There’s still a long way to achieve universal and immediate access to all research outputs and knowledge and to make this access equitable and sustainable. Learn more about our goals and current initiatives in CZI’s Open Science program.
We want to acknowledge several advisors and reviewers who, along with CZI staffers, helped us design the EOSS program or participated in the review process for this funding cycle: Alberto Bacchelli, Amy Bernard, C. Titus Brown, Abby Cabunoc Mayes, David Feng, Amel Ghouila, Allen Goodman, Mahmoud Hashemi, David Haussler, Peter Kharchenko, Julia Lowndes, Molly Maleckar, Debbie Marks, Marius Pachitariu, Karthik Ram, Stephan Saalfeld, and Yo Yehudi.
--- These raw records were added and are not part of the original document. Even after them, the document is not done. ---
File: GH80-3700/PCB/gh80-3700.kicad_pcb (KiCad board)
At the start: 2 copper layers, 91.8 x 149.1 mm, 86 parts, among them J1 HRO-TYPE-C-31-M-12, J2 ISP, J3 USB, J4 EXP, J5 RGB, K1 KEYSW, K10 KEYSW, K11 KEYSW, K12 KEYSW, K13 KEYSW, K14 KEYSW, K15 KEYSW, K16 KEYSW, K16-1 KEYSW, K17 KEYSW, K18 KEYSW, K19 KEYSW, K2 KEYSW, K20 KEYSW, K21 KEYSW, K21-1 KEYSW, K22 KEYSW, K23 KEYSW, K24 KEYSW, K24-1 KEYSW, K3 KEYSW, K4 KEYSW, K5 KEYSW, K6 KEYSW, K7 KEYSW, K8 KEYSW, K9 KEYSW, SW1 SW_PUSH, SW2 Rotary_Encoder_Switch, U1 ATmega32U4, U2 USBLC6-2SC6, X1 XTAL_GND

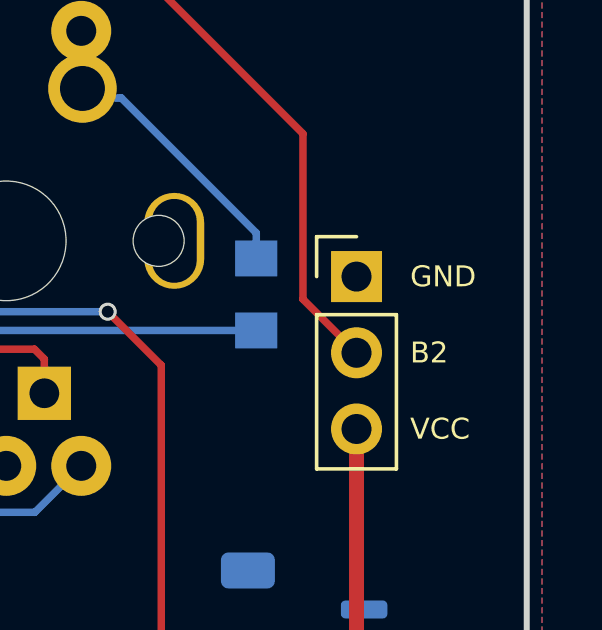
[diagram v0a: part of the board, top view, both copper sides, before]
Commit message: Add website logo/remove maartenwut
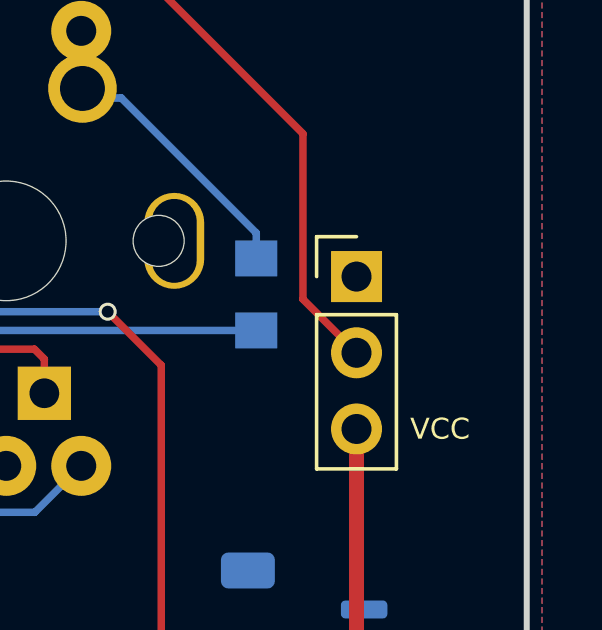
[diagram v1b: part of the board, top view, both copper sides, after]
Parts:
- added G***: LOGO, Keeb_components:logo_new, B.Cu at (8.70, 3.57)
- moved G*** 8.63 mm to (28.9, 3.57)
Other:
- net class Default removed
- net class VCC removed
- board text added: "rev 2.1"
- board text removed: "B2"
- board text removed: "Designed by Maartenwut"
- board text removed: "rev 2"

Dario Taraborelli, Science Program Officer, Open Science
Dario is a social computing researcher and an open knowledge advocate. As the Science Program Officer for Open Science at CZI, his goal is to build programs and technology to support open, reproducible, and accessible research. Prior to joining CZI, he served as the Director, Head of Research at the Wikimedia Foundation, the non-profit that operates Wikipedia and its sister projects. As a co-author of the Altmetrics Manifesto, a co-founder of the Initiative for Open Citations, and a long-standing open access advocate, he has been designing systems and programs to accelerate the discoverability and reuse of scientific knowledge by scholars, policy makers, and the general public alike.